(Entries taken from a collection)
--------------------------------
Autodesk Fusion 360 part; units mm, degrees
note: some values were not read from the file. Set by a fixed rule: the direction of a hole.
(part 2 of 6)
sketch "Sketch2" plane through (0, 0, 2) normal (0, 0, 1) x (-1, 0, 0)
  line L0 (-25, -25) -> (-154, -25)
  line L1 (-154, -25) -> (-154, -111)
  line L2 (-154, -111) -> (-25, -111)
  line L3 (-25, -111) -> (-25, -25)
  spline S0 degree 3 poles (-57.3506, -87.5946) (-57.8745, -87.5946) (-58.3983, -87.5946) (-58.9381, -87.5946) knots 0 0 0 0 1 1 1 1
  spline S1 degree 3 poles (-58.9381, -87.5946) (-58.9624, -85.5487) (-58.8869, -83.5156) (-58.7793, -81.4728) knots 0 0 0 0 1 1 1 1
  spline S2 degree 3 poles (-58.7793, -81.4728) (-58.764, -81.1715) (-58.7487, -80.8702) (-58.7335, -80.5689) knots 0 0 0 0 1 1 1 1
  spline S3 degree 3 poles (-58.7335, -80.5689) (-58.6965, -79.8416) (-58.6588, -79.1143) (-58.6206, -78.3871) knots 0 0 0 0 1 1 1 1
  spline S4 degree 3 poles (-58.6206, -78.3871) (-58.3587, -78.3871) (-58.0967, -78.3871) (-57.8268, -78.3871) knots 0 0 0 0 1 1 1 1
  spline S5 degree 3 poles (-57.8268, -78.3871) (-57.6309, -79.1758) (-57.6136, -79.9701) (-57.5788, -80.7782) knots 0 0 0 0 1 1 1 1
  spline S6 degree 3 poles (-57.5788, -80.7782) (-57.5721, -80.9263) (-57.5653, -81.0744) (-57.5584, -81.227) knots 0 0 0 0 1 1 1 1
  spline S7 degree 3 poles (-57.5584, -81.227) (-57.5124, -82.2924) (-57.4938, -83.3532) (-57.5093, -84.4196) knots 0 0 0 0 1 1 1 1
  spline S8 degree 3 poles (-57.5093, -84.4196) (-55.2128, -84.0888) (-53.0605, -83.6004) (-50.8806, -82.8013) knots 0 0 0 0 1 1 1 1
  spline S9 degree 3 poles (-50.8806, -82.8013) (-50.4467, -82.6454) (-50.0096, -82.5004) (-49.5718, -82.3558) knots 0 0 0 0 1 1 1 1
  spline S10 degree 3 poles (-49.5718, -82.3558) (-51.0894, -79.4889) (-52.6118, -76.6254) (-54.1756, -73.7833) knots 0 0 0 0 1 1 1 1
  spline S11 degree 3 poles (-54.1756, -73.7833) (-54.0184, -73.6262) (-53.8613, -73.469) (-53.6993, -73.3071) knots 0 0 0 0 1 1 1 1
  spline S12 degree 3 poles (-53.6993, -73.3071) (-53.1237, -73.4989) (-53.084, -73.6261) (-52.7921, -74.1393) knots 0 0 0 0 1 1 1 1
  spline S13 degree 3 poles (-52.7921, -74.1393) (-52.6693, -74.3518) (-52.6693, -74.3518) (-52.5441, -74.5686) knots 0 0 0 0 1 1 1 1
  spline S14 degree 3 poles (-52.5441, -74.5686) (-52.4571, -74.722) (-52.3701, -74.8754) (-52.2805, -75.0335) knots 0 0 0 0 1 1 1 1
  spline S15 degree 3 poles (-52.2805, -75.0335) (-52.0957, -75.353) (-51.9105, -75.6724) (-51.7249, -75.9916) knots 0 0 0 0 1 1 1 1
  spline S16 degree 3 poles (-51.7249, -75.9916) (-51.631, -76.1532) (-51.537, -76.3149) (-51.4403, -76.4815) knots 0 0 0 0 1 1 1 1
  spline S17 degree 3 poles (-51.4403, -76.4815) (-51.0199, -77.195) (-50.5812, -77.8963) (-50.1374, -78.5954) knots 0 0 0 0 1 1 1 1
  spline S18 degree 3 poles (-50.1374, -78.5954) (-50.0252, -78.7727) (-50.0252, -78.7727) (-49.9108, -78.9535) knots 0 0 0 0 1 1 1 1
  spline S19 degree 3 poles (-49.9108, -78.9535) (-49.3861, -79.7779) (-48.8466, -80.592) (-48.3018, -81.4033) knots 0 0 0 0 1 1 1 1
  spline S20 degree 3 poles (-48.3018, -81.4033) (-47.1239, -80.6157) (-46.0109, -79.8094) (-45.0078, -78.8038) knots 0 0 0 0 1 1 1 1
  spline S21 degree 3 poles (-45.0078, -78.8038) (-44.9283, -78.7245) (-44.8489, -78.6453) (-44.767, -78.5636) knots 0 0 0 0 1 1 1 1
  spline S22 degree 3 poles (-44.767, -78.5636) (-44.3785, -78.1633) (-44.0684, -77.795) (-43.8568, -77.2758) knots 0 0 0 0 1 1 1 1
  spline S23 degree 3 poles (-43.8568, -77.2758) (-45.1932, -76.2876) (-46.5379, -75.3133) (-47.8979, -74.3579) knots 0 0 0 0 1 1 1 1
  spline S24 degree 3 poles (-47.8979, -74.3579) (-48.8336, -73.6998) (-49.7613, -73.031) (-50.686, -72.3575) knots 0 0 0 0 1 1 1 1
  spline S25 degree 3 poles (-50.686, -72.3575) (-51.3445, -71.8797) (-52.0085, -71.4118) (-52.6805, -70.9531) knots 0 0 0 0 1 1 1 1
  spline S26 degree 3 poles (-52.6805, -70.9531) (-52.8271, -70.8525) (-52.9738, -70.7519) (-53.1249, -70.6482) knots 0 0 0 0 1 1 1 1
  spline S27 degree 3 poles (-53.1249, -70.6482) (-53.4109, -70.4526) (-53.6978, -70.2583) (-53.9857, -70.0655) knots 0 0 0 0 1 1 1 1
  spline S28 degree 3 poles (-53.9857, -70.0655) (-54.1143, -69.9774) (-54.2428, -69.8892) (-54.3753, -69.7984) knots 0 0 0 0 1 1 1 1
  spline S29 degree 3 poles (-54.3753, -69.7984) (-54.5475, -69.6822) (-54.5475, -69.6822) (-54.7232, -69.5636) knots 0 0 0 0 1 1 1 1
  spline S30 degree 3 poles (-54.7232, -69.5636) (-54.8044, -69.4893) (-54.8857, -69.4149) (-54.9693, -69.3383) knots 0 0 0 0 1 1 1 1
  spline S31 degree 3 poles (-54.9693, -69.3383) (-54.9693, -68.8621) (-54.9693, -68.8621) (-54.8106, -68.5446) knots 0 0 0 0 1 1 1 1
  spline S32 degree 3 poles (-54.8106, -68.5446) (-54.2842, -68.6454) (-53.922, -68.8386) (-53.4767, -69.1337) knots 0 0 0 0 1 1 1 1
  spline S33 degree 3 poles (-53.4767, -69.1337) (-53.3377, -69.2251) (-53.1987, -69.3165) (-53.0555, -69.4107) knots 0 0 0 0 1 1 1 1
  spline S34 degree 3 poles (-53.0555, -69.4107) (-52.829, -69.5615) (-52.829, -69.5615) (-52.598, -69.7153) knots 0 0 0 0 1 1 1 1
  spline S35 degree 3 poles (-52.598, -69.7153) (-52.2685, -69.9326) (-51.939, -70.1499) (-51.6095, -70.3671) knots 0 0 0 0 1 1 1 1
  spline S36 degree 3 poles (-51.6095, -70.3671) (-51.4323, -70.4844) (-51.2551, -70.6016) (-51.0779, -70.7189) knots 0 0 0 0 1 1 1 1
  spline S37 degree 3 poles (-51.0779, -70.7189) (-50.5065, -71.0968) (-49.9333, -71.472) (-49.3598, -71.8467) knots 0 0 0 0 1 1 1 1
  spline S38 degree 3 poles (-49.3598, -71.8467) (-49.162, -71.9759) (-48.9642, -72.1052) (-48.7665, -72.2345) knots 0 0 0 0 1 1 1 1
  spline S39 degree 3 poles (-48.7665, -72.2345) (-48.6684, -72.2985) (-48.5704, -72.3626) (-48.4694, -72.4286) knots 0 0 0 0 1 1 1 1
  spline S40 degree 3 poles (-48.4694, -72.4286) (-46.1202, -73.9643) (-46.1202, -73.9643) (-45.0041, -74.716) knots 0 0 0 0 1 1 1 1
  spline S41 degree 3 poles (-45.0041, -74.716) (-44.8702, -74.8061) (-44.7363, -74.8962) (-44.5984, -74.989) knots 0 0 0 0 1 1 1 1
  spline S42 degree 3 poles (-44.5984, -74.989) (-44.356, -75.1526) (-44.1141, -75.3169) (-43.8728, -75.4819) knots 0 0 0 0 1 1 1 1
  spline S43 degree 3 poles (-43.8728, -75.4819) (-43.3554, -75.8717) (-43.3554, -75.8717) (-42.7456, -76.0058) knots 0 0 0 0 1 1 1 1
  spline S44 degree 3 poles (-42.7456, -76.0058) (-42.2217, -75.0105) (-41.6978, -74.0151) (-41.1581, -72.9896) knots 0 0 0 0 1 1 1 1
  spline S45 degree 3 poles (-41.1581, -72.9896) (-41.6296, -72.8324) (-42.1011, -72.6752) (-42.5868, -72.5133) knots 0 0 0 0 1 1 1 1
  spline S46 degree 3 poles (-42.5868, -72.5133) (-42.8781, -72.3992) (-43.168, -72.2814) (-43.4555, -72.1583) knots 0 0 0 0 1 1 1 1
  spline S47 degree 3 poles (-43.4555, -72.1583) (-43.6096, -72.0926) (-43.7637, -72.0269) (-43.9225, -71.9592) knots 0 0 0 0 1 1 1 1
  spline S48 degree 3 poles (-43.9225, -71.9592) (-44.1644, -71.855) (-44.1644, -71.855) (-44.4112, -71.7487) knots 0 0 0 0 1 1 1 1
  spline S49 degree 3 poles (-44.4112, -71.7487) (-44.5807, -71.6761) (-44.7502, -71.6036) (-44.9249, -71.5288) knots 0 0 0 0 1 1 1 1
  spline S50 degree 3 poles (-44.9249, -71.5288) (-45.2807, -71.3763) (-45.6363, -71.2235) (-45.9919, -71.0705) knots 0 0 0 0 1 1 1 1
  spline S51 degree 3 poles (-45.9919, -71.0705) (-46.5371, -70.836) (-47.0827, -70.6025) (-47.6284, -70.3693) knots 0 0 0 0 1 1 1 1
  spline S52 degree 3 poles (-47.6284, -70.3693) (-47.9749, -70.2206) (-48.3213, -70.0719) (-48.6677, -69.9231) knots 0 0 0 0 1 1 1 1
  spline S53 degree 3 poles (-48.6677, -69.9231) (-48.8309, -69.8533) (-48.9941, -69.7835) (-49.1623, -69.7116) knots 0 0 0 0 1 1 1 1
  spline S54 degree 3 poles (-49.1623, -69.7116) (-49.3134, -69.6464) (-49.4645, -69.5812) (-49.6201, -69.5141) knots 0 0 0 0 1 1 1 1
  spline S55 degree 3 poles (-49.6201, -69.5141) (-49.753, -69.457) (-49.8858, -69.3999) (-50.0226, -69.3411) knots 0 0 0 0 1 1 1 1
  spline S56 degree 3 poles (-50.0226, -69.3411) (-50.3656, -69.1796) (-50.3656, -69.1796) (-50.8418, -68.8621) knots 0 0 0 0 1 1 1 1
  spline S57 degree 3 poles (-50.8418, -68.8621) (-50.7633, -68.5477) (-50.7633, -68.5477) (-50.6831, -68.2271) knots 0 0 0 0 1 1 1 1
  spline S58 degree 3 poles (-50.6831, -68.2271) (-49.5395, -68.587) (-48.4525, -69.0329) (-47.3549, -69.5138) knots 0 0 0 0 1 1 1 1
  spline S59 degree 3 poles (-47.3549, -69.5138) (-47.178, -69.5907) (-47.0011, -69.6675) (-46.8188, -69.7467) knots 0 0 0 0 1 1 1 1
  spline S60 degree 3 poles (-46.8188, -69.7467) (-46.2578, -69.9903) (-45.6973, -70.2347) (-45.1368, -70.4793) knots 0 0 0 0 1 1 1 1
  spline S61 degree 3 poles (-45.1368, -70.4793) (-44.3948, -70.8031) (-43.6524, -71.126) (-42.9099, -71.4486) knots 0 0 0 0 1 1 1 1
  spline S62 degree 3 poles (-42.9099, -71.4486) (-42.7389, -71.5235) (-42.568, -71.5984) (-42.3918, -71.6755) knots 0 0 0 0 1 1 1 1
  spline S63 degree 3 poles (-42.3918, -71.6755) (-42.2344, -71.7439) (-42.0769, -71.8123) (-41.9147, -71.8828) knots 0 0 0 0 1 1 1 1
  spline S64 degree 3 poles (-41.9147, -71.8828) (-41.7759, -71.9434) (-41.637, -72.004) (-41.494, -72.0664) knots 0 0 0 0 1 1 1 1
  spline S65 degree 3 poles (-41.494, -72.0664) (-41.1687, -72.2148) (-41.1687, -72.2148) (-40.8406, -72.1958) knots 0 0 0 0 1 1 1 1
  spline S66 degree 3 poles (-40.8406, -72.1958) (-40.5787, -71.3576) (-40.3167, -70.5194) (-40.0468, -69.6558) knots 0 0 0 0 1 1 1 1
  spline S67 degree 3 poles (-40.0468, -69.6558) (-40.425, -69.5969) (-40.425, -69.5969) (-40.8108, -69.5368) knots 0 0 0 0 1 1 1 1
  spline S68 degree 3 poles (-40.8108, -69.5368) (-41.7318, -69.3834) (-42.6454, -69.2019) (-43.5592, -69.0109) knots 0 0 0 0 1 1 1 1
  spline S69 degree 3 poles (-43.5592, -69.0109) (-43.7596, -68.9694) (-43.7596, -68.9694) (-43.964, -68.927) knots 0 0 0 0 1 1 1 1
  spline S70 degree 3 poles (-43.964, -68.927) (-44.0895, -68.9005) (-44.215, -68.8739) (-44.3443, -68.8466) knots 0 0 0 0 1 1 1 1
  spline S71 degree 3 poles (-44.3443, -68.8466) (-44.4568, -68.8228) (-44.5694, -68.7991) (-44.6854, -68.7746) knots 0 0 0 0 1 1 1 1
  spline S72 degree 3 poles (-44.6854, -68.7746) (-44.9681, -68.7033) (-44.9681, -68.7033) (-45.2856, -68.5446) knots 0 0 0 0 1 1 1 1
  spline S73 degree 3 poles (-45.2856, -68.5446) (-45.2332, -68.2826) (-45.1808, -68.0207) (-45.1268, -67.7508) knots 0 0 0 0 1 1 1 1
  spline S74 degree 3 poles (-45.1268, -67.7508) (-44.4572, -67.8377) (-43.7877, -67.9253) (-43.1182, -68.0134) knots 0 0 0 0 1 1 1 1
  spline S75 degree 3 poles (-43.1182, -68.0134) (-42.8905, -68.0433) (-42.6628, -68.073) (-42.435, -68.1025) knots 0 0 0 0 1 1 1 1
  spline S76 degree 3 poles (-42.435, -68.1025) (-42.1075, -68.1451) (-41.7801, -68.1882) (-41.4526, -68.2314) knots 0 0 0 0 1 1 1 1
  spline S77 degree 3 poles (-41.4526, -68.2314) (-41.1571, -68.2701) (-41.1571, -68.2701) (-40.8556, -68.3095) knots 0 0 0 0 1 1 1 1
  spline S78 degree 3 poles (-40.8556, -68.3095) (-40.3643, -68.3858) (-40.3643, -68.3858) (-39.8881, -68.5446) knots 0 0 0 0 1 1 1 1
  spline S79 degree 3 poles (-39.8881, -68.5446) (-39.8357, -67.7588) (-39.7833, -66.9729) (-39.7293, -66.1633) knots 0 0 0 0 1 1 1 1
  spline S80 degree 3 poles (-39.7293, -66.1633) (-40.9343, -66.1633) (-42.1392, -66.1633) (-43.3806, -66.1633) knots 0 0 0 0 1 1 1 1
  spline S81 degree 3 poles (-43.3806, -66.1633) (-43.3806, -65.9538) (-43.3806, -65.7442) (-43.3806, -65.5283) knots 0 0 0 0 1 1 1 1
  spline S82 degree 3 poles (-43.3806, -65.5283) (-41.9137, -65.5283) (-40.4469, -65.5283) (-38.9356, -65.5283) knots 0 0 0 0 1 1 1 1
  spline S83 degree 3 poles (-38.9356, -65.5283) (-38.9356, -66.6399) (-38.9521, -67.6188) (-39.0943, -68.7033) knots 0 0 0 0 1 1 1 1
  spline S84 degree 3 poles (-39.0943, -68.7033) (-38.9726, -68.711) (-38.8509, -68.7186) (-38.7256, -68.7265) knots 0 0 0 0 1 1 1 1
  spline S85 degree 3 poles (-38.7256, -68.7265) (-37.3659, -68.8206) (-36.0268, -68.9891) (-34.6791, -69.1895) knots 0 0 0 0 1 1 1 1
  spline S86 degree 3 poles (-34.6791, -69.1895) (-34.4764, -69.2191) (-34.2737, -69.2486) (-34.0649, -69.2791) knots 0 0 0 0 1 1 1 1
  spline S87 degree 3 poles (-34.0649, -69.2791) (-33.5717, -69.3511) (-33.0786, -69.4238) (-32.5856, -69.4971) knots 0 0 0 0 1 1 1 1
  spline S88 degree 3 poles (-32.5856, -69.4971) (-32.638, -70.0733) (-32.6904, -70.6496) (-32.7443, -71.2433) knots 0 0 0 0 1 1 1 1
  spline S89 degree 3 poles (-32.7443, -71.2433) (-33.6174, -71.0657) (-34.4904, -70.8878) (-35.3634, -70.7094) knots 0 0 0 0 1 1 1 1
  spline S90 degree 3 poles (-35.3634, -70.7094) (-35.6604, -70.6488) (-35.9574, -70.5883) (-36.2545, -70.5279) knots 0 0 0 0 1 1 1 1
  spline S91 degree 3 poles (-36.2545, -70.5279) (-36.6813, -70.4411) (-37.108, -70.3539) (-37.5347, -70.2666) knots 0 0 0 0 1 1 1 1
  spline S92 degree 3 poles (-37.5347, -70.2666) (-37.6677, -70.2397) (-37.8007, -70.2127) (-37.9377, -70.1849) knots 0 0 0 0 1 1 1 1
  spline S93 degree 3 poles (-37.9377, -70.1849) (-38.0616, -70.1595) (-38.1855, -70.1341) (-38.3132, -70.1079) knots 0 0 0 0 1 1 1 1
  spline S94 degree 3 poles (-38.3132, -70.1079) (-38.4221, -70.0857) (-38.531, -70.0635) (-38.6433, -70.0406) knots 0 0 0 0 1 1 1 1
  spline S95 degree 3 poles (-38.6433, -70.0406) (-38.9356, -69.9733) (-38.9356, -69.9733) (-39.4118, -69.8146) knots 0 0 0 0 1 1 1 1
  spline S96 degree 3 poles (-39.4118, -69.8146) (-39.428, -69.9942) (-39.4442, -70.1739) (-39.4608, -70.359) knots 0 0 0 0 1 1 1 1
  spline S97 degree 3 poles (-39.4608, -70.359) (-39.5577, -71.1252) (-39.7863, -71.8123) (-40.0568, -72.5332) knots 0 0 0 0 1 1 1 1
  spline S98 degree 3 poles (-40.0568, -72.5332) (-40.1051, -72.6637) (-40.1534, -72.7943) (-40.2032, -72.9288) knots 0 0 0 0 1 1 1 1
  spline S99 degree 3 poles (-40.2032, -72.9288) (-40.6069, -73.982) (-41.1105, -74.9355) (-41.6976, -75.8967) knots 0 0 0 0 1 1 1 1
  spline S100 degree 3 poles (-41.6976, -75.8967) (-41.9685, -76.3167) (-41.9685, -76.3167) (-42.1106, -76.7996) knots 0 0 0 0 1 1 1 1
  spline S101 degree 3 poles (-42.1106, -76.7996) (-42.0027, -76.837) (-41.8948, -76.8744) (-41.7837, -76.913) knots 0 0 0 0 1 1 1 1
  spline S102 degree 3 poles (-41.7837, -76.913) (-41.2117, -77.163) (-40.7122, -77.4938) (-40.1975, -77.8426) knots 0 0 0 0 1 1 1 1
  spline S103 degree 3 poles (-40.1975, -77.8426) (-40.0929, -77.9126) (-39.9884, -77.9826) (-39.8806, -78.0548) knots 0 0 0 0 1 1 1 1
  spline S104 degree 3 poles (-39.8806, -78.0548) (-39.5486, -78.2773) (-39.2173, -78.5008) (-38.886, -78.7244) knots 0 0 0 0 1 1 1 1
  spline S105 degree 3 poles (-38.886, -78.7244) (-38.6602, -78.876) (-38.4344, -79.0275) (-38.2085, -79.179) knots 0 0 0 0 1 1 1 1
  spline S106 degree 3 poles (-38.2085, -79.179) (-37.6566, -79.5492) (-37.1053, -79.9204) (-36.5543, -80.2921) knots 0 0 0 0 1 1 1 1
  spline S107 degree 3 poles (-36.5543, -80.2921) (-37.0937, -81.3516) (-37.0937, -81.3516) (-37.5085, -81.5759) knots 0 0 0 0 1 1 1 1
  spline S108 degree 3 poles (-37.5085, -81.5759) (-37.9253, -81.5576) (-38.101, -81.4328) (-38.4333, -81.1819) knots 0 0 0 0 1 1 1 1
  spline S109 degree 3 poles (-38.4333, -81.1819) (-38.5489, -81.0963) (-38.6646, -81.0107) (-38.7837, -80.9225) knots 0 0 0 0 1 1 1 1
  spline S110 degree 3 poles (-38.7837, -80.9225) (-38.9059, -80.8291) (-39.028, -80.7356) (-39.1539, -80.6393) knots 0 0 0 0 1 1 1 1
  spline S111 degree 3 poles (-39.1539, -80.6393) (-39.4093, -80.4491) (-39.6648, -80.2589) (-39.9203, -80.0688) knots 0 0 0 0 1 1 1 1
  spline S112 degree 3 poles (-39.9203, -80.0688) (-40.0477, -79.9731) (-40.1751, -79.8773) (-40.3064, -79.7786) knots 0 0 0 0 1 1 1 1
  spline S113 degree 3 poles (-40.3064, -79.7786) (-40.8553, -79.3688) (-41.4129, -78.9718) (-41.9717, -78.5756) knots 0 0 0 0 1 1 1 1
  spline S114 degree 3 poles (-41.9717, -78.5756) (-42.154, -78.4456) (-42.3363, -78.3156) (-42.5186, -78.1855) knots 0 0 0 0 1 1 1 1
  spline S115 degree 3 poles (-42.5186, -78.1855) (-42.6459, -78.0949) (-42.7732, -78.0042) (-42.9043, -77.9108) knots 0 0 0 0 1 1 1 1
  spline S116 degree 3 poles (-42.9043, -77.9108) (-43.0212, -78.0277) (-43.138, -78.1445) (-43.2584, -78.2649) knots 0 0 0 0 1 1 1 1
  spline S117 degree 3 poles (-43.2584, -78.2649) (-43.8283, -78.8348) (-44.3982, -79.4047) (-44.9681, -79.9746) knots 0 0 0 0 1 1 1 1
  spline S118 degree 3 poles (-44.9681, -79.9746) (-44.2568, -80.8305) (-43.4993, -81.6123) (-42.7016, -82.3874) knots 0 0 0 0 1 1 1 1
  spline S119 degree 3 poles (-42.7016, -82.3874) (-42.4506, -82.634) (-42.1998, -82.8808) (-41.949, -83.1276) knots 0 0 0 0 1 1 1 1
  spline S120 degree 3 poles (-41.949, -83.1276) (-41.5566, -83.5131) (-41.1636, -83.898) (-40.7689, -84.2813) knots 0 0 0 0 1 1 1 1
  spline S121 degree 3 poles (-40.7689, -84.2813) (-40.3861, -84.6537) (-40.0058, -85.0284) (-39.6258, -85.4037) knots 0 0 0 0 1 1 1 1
--------------------------------
**EXERCISE AIM**
Return word for word the lines above from the line with "spline S59 degree" to the line with "spline S70 degree", including both and leaving out all others.

**FINISHED TASK**
  spline S59 degree 3 poles (-47.3549, -69.5138) (-47.178, -69.5907) (-47.0011, -69.6675) (-46.8188, -69.7467) knots 0 0 0 0 1 1 1 1
  spline S60 degree 3 poles (-46.8188, -69.7467) (-46.2578, -69.9903) (-45.6973, -70.2347) (-45.1368, -70.4793) knots 0 0 0 0 1 1 1 1
  spline S61 degree 3 poles (-45.1368, -70.4793) (-44.3948, -70.8031) (-43.6524, -71.126) (-42.9099, -71.4486) knots 0 0 0 0 1 1 1 1
  spline S62 degree 3 poles (-42.9099, -71.4486) (-42.7389, -71.5235) (-42.568, -71.5984) (-42.3918, -71.6755) knots 0 0 0 0 1 1 1 1
  spline S63 degree 3 poles (-42.3918, -71.6755) (-42.2344, -71.7439) (-42.0769, -71.8123) (-41.9147, -71.8828) knots 0 0 0 0 1 1 1 1
  spline S64 degree 3 poles (-41.9147, -71.8828) (-41.7759, -71.9434) (-41.637, -72.004) (-41.494, -72.0664) knots 0 0 0 0 1 1 1 1
  spline S65 degree 3 poles (-41.494, -72.0664) (-41.1687, -72.2148) (-41.1687, -72.2148) (-40.8406, -72.1958) knots 0 0 0 0 1 1 1 1
  spline S66 degree 3 poles (-40.8406, -72.1958) (-40.5787, -71.3576) (-40.3167, -70.5194) (-40.0468, -69.6558) knots 0 0 0 0 1 1 1 1
  spline S67 degree 3 poles (-40.0468, -69.6558) (-40.425, -69.5969) (-40.425, -69.5969) (-40.8108, -69.5368) knots 0 0 0 0 1 1 1 1
  spline S68 degree 3 poles (-40.8108, -69.5368) (-41.7318, -69.3834) (-42.6454, -69.2019) (-43.5592, -69.0109) knots 0 0 0 0 1 1 1 1
  spline S69 degree 3 poles (-43.5592, -69.0109) (-43.7596, -68.9694) (-43.7596, -68.9694) (-43.964, -68.927) knots 0 0 0 0 1 1 1 1
  spline S70 degree 3 poles (-43.964, -68.927) (-44.0895, -68.9005) (-44.215, -68.8739) (-44.3443, -68.8466) knots 0 0 0 0 1 1 1 1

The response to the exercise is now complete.